Here are a few thoughts on the subject: Riser pressure is related to the weight of the canopy pilot. If you are a fatass then you are going to have to pull harder to lift yourself up. Similarly, you can alter the apparent "weight" of the pilot through various flight maneuvers. The recovery arc is a perfect example of this. During the recovery arc the canopy is accelerating upwards. This makes the pilot "weigh" more and it will increase riser pressure. Furthermore, a shorter recovery arc translates into a stronger acceleration and more riser pressure. Decreasing the size of the wing, in and of itself, should have no direct effect on riser pressure. However, it can have indirect effects by changing the way the canopy flies and altering the apparent weight of the pilot during various maneuvers. I imagine that canopy design can also affect riser pressure directly by moving the center of lift and changing the weight distribution between the front and rear risers.

> I said NOTHING of swooping. This is for those that > don't know what the rock point is. > > What I said makes perfect sense. You might not > understand it but the principal is sound. And I am > in fact correct. The purpose of my post was to demonstrate that you were talking straight out of your ass and that you don't have a clue about the basic principles of flight. I think I succeeded at that.

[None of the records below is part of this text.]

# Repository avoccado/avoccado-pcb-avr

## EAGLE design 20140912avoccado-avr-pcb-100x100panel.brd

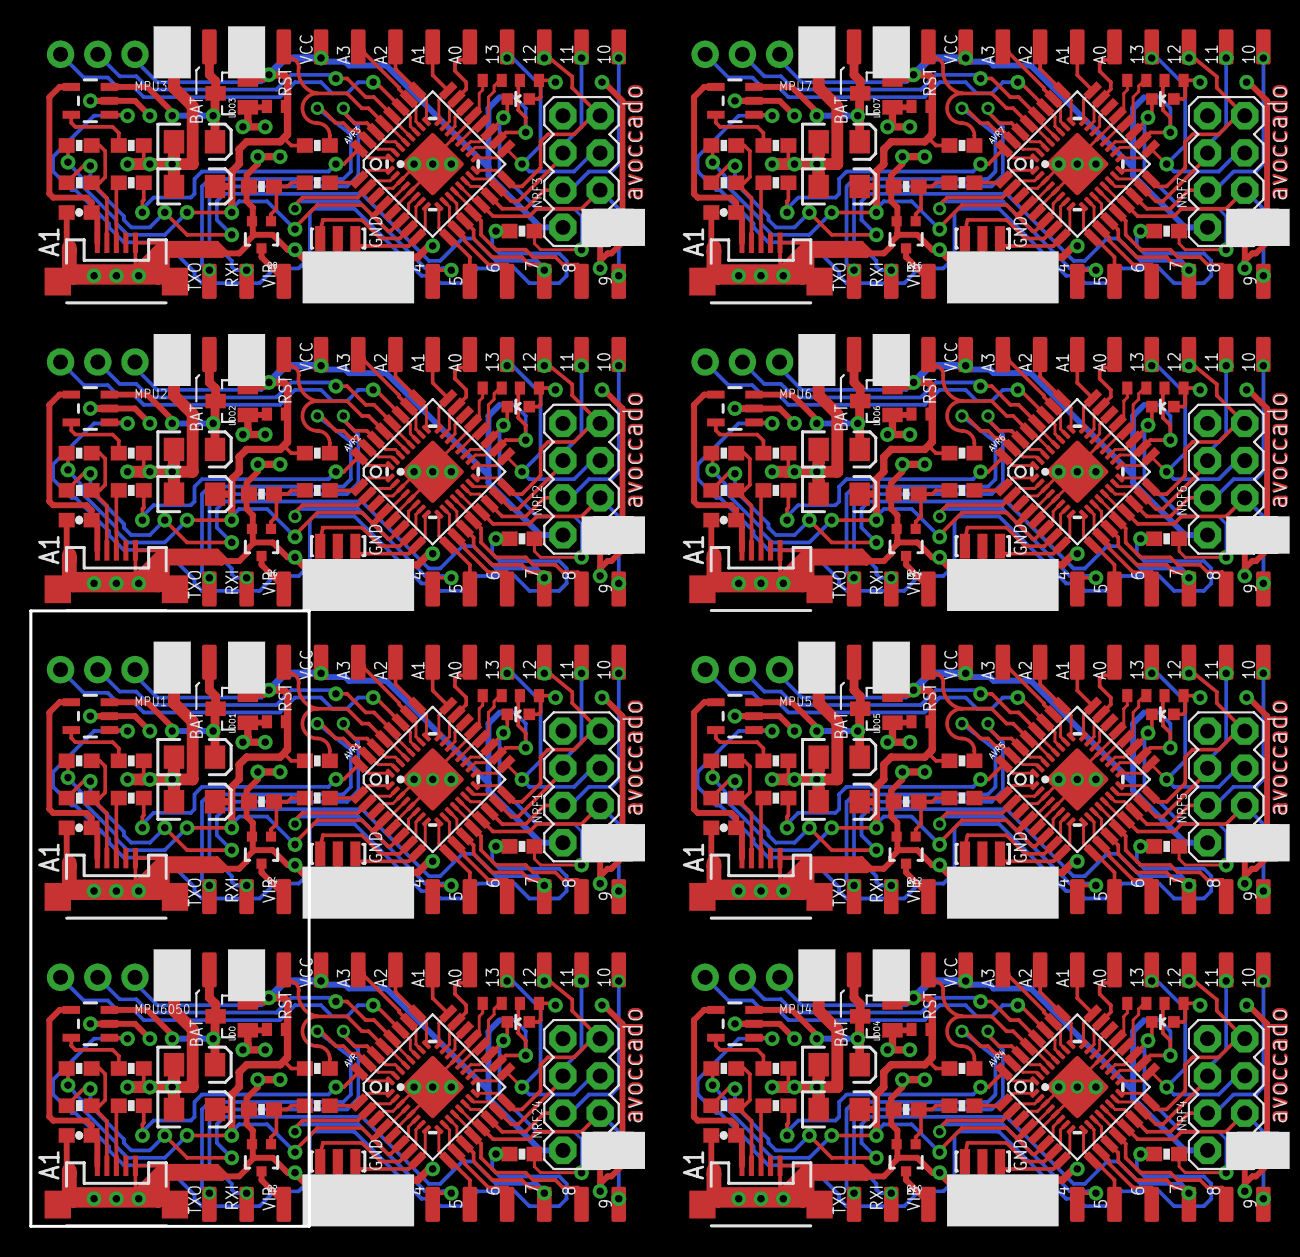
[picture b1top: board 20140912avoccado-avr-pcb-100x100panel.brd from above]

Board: 2 copper layers, 240 parts (0 on the bottom side), 288 nets.

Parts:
AVR, AVR1, AVR2, AVR3, AVR4, AVR5, AVR6, AVR7: ATMEGA328P; TQFP32-08
C1, C2, C3, C6, C7, C10, C11, C14, C15, C18, C21, C22, C25, C27, C28, C31, C33, C34, C37, C39, C40, C43, C45, C46: 0.1uF; C0402
C4, C9, C17, C24, C30, C36, C42, C48: 4.7uF; 0603-CAP
C5, C8, C12, C13, C16, C19, C20, C23, C26, C29, C32, C35, C38, C41, C44, C47: 10uF; EIA3216
D1, D2, D3, D4, D5, D6, D7, D8: LED; LED-0603
IC1, IC2, IC3, IC4, IC5, IC6, IC7, IC8: ATMEGA328P-20MU; MLF32
JP1, JP2, JP3, JP4, JP5, JP6, JP7, JP8, JP9, JP10, JP11, JP12, JP13, JP14, JP15, JP16, JP17, JP18, JP19, JP20, JP21, JP22, JP23, JP24, JP25, JP26, JP27, JP28, JP29, JP30, JP31, JP32, JP33, JP34, JP35, JP36, JP37, JP38, JP39, JP40, JP41, JP42, JP43, JP44, JP45, JP46, JP47, JP48: 1X04-SMD
LDO, LDO1, LDO2, LDO3, LDO4, LDO5, LDO6, LDO7: MCP1703CB; SOT23
MPU1, MPU2, MPU3, MPU4, MPU5, MPU6, MPU7, MPU6050: 1X04_NO_SILK
NRF1, NRF2, NRF3, NRF4, NRF5, NRF6, NRF7, NRF24: M04X2; 2X4
Q1, Q3, Q5, Q7, Q9, Q11, Q13, Q15: 16MHz; RESONATOR-SMD
Q2, Q4, Q6, Q8, Q10, Q12, Q14, Q16: FET; SOT323
R1, R10, R18, R26, R34, R42, R50, R58: 1K; 0603-RES
R2, R9, R17, R25, R33, R41, R49, R57: 10K; 0603-RES
R3, R4, R8, R11, R12, R16, R19, R20, R24, R27, R28, R32, R35, R36, R40, R43, R44, R48, R51, R52, R56, R59, R60, R64: 2K; 0603-RES
R5, R13, R21, R29, R37, R45, R53, R61: 1M; 0603-RES
R6, R7, R14, R15, R22, R23, R30, R31, R38, R39, R46, R47, R54, R55, R62, R63: 68; 0603-RES
U1, U2, U3, U4, U5, U6, U7, U8: MCP73831; SOT23-5
X1, X2, X3, X4, X5, X6, X7, X8: Micro USB; USB-MICROB

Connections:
3V1: AVR1.4, AVR1.6, AVR1.18, C2.1, C5.A, C6.2, IC1.4, IC1.6, IC1.18, JP1.4, LDO1.2, MPU1.2, NRF1.2, R9.2, R16.2
3V2: AVR2.4, AVR2.6, AVR2.18, C11.1, C12.A, C14.2, IC2.4, IC2.6, IC2.18, JP13.4, LDO2.2, MPU2.2, NRF2.2, R17.2, R24.2
3V3: AVR.4, AVR.6, AVR.18, C3.2, C10.1, C13.A, IC5.4, IC5.6, IC5.18, JP3.4, LDO.2, MPU6050.2, NRF24.2, R2.2, R8.2
3V4: AVR3.4, AVR3.6, AVR3.18, C18.1, C20.A, C21.2, IC3.4, IC3.6, IC3.18, JP19.4, LDO3.2, MPU3.2, NRF3.2, R25.2, R32.2
3V5: AVR4.4, AVR4.6, AVR4.18, C25.1, C26.A, C27.2, IC4.4, IC4.6, IC4.18, JP25.4, LDO4.2, MPU4.2, NRF4.2, R33.2, R40.2
3V6: AVR5.4, AVR5.6, AVR5.18, C31.1, C32.A, C33.2, IC6.4, IC6.6, IC6.18, JP31.4, LDO5.2, MPU5.2, NRF5.2, R41.2, R48.2
3V7: AVR6.4, AVR6.6, AVR6.18, C37.1, C38.A, C39.2, IC7.4, IC7.6, IC7.18, JP37.4, LDO6.2, MPU6.2, NRF6.2, R49.2, R56.2
3V8: AVR7.4, AVR7.6, AVR7.18, C43.1, C44.A, C45.2, IC8.4, IC8.6, IC8.18, JP43.4, LDO7.2, MPU7.2, NRF7.2, R57.2, R64.2
A0: AVR.23, IC5.23, JP5.4
A1: AVR.24, IC5.24, JP5.3
A2: AVR.25, IC5.25, JP5.2
A3: AVR.26, IC5.26, JP5.1
A4: AVR.27, IC5.27, MPU6050.4
A5: AVR.28, IC5.28, MPU6050.3
A6: AVR.19, D1.C, IC5.19, R4.1
A7: AVR.22, IC5.22
A8: AVR1.28, IC1.28, MPU1.3
A9: AVR1.27, IC1.27, MPU1.4
A10: AVR1.26, IC1.26, JP2.1
A11: AVR1.25, IC1.25, JP2.2
A12: AVR1.24, IC1.24, JP2.3
A13: AVR1.23, IC1.23, JP2.4
A14: AVR1.19, D2.C, IC1.19, R12.1
A15: AVR1.22, IC1.22
A16: AVR2.28, IC2.28, MPU2.3
A17: AVR2.27, IC2.27, MPU2.4
A18: AVR2.26, IC2.26, JP14.1
A19: AVR2.25, IC2.25, JP14.2
A20: AVR2.24, IC2.24, JP14.3
A21: AVR2.23, IC2.23, JP14.4
A22: AVR2.19, D3.C, IC2.19, R20.1
A23: AVR2.22, IC2.22
A24: AVR3.28, IC3.28, MPU3.3
A25: AVR3.27, IC3.27, MPU3.4
A26: AVR3.26, IC3.26, JP20.1
A27: AVR3.25, IC3.25, JP20.2
A28: AVR3.24, IC3.24, JP20.3
A29: AVR3.23, IC3.23, JP20.4
A30: AVR3.19, D4.C, IC3.19, R28.1
A31: AVR3.22, IC3.22
A32: AVR4.28, IC4.28, MPU4.3
A33: AVR4.27, IC4.27, MPU4.4
A34: AVR4.26, IC4.26, JP26.1
A35: AVR4.25, IC4.25, JP26.2
A36: AVR4.24, IC4.24, JP26.3
A37: AVR4.23, IC4.23, JP26.4
A38: AVR4.19, D5.C, IC4.19, R36.1
A39: AVR4.22, IC4.22
A40: AVR5.28, IC6.28, MPU5.3
A41: AVR5.27, IC6.27, MPU5.4
A42: AVR5.26, IC6.26, JP32.1
A43: AVR5.25, IC6.25, JP32.2
A44: AVR5.24, IC6.24, JP32.3
A45: AVR5.23, IC6.23, JP32.4
A46: AVR5.19, D6.C, IC6.19, R44.1
A47: AVR5.22, IC6.22
A48: AVR6.28, IC7.28, MPU6.3
A49: AVR6.27, IC7.27, MPU6.4
A50: AVR6.26, IC7.26, JP38.1
A51: AVR6.25, IC7.25, JP38.2
A52: AVR6.24, IC7.24, JP38.3
A53: AVR6.23, IC7.23, JP38.4
A54: AVR6.19, D7.C, IC7.19, R52.1
A55: AVR6.22, IC7.22
A56: AVR7.28, IC8.28, MPU7.3
A57: AVR7.27, IC8.27, MPU7.4
A58: AVR7.26, IC8.26, JP44.1
A59: AVR7.25, IC8.25, JP44.2
A60: AVR7.24, IC8.24, JP44.3
A61: AVR7.23, IC8.23, JP44.4
A62: AVR7.19, D8.C, IC8.19, R60.1
A63: AVR7.22, IC8.22
AREF: AVR.20, C1.2, IC5.20
AREF1: AVR1.20, C7.2, IC1.20
AREF2: AVR2.20, C15.2, IC2.20
AREF3: AVR3.20, C22.2, IC3.20
AREF4: AVR4.20, C28.2, IC4.20
AREF5: AVR5.20, C34.2, IC6.20
AREF6: AVR6.20, C40.2, IC7.20
AREF7: AVR7.20, C46.2, IC8.20
BUS: C4.1, U2.4, X1.VBUS
BUS1: C9.1, U1.4, X2.VBUS
BUS2: C17.1, U3.4, X3.VBUS
BUS3: C24.1, U4.4, X4.VBUS
BUS4: C30.1, U5.4, X5.VBUS
BUS5: C36.1, U6.4, X6.VBUS
BUS6: C42.1, U7.4, X7.VBUS
BUS7: C48.1, U8.4, X8.VBUS
D1: AVR1.13, IC1.13, JP6.1, NRF1.3
D2: AVR.32, IC5.32, R7.2
D3: AVR.1, IC5.1, R1.1
D4: AVR.2, IC5.2, JP10.2
D5: AVR.9, IC5.9, JP10.1
D6: AVR.10, IC5.10, JP9.4
D7: AVR.11, IC5.11, JP9.3, R6.2
D8: AVR.12, IC5.12, JP9.2
D9: AVR.13, IC5.13, JP9.1, NRF24.3
D10: AVR.14, IC5.14, JP8.4, NRF24.4
D11: AVR1.12, IC1.12, JP6.2
D12: AVR1.32, IC1.32, R15.2
D13: AVR1.1, IC1.1, R10.1
D14: AVR1.2, IC1.2, JP7.2
D15: AVR1.9, IC1.9, JP7.1
D16: AVR1.10, IC1.10, JP6.4
D17: AVR1.11, IC1.11, JP6.3, R14.2
D18: AVR1.14, IC1.14, JP4.4, NRF1.4
D19: AVR2.13, IC2.13, JP16.1, NRF2.3
D20: AVR2.12, IC2.12, JP16.2
D21: AVR2.32, IC2.32, R23.2
D22: AVR2.1, IC2.1, R18.1
D23: AVR2.2, IC2.2, JP17.2
D24: AVR2.9, IC2.9, JP17.1
D25: AVR2.10, IC2.10, JP16.4
D26: AVR2.11, IC2.11, JP16.3, R22.2
D27: AVR2.14, IC2.14, JP15.4, NRF2.4
D28: AVR3.13, IC3.13, JP22.1, NRF3.3
D29: AVR3.12, IC3.12, JP22.2
D30: AVR3.32, IC3.32, R31.2
D31: AVR3.1, IC3.1, R26.1
D32: AVR3.2, IC3.2, JP23.2
D33: AVR3.9, IC3.9, JP23.1
D34: AVR3.10, IC3.10, JP22.4
D35: AVR3.11, IC3.11, JP22.3, R30.2
D36: AVR3.14, IC3.14, JP21.4, NRF3.4
D37: AVR4.13, IC4.13, JP28.1, NRF4.3
D38: AVR4.12, IC4.12, JP28.2
D39: AVR4.32, IC4.32, R39.2
D40: AVR4.1, IC4.1, R34.1
D41: AVR4.2, IC4.2, JP29.2
D42: AVR4.9, IC4.9, JP29.1
D43: AVR4.10, IC4.10, JP28.4
D44: AVR4.11, IC4.11, JP28.3, R38.2
D45: AVR4.14, IC4.14, JP27.4, NRF4.4
D46: AVR5.13, IC6.13, JP34.1, NRF5.3
D47: AVR5.12, IC6.12, JP34.2
D48: AVR5.32, IC6.32, R47.2
D49: AVR5.1, IC6.1, R42.1
D50: AVR5.2, IC6.2, JP35.2
D51: AVR5.9, IC6.9, JP35.1
D52: AVR5.10, IC6.10, JP34.4
D53: AVR5.11, IC6.11, JP34.3, R46.2
D54: AVR5.14, IC6.14, JP33.4, NRF5.4
D55: AVR6.13, IC7.13, JP40.1, NRF6.3
D56: AVR6.12, IC7.12, JP40.2
D57: AVR6.32, IC7.32, R55.2
D58: AVR6.1, IC7.1, R50.1
D59: AVR6.2, IC7.2, JP41.2
D60: AVR6.9, IC7.9, JP41.1
D61: AVR6.10, IC7.10, JP40.4
D62: AVR6.11, IC7.11, JP40.3, R54.2
D63: AVR6.14, IC7.14, JP39.4, NRF6.4
D64: AVR7.13, IC8.13, JP46.1, NRF7.3
D65: AVR7.12, IC8.12, JP46.2
D66: AVR7.32, IC8.32, R63.2
D67: AVR7.1, IC8.1, R58.1
D68: AVR7.2, IC8.2, JP47.2
D69: AVR7.9, IC8.9, JP47.1
D70: AVR7.10, IC8.10, JP46.4
D71: AVR7.11, IC8.11, JP46.3, R62.2
D72: AVR7.14, IC8.14, JP45.4, NRF7.4
GND: AVR.3, AVR.5, AVR.21, C1.1, C3.1, C4.2, C10.2, C13.C, C19.C, D1.A, IC5.3, IC5.5, IC5.21, JP3.2, JP10.3, JP10.4, JP11.1, LDO.1, MPU6050.1, NRF24.1, Q1.2, Q2.2, R3.1, R5.1, U2.2, X1.GND
GND1: AVR1.3, AVR1.5, AVR1.21, C2.2, C5.C, C6.1, C7.1, C8.C, C9.2, D2.A, IC1.3, IC1.5, IC1.21, JP1.2, JP7.3, JP7.4, JP12.1, LDO1.1, MPU1.1, NRF1.1, Q3.2, Q4.2, R11.1, R13.1, U1.2, X2.GND
GND2: AVR2.3, AVR2.5, AVR2.21, C11.2, C12.C, C14.1, C15.1, C16.C, C17.2, D3.A, IC2.3, IC2.5, IC2.21, JP13.2, JP17.3, JP17.4, JP18.1, LDO2.1, MPU2.1, NRF2.1, Q5.2, Q6.2, R19.1, R21.1, U3.2, X3.GND
GND3: AVR3.3, AVR3.5, AVR3.21, C18.2, C20.C, C21.1, C22.1, C23.C, C24.2, D4.A, IC3.3, IC3.5, IC3.21, JP19.2, JP23.3, JP23.4, JP24.1, LDO3.1, MPU3.1, NRF3.1, Q7.2, Q8.2, R27.1, R29.1, U4.2, X4.GND
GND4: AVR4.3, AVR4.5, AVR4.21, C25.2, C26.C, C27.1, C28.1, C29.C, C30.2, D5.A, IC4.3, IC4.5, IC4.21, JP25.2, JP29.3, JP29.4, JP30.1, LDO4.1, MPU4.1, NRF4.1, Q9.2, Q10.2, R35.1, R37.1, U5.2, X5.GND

> It is the point during the flare that you have > swung directly under canopy. Where you have > entered the slow speed flight of your canopies > airfoil. At your rock point your descent has ceased > and you are just moving forward bleeding off > airspeed. Does that make sense? No, that doesn't make sense. You can arrest your vertical descent at nearly any airspeed. This has nothing to do with "slow speed flight". To the contrary, the primary goal of a swooper is to plane out at the highest possible airspeed. > Weight wise under canopy you have shifted > slightly in front of your canopies center of gravity > allowing the canopy essentially to canter upwards > acting as a brake and slowing down. The purpose of flaring (or rear-risering) is to increase the angle of attack in order to maintain lift while airspeed is decreasing. Yes, this also increases induced drag (canopy acting as a brake) but this is an (undesirable) side effect. Also, this is a continual process and not well described in terms of a discrete "rock point". > In an airliner. When the plane slows down, flaps > drop. The moment that nose starts to point above > the horizon with the plane still flying straight and > level could be considered the rock point. Most planes can takeoff, fly their entire flight plan, and land without ever extending the flaps. Also, extending the flaps increases the angle of incidence so it is usually accompanied by a *downward* pitching motion. That is one of the reasons flaps are used on jump run. It allows the plane to slow down without pitching the nose up (and increasing the risk of exiting skydivers hitting the tail).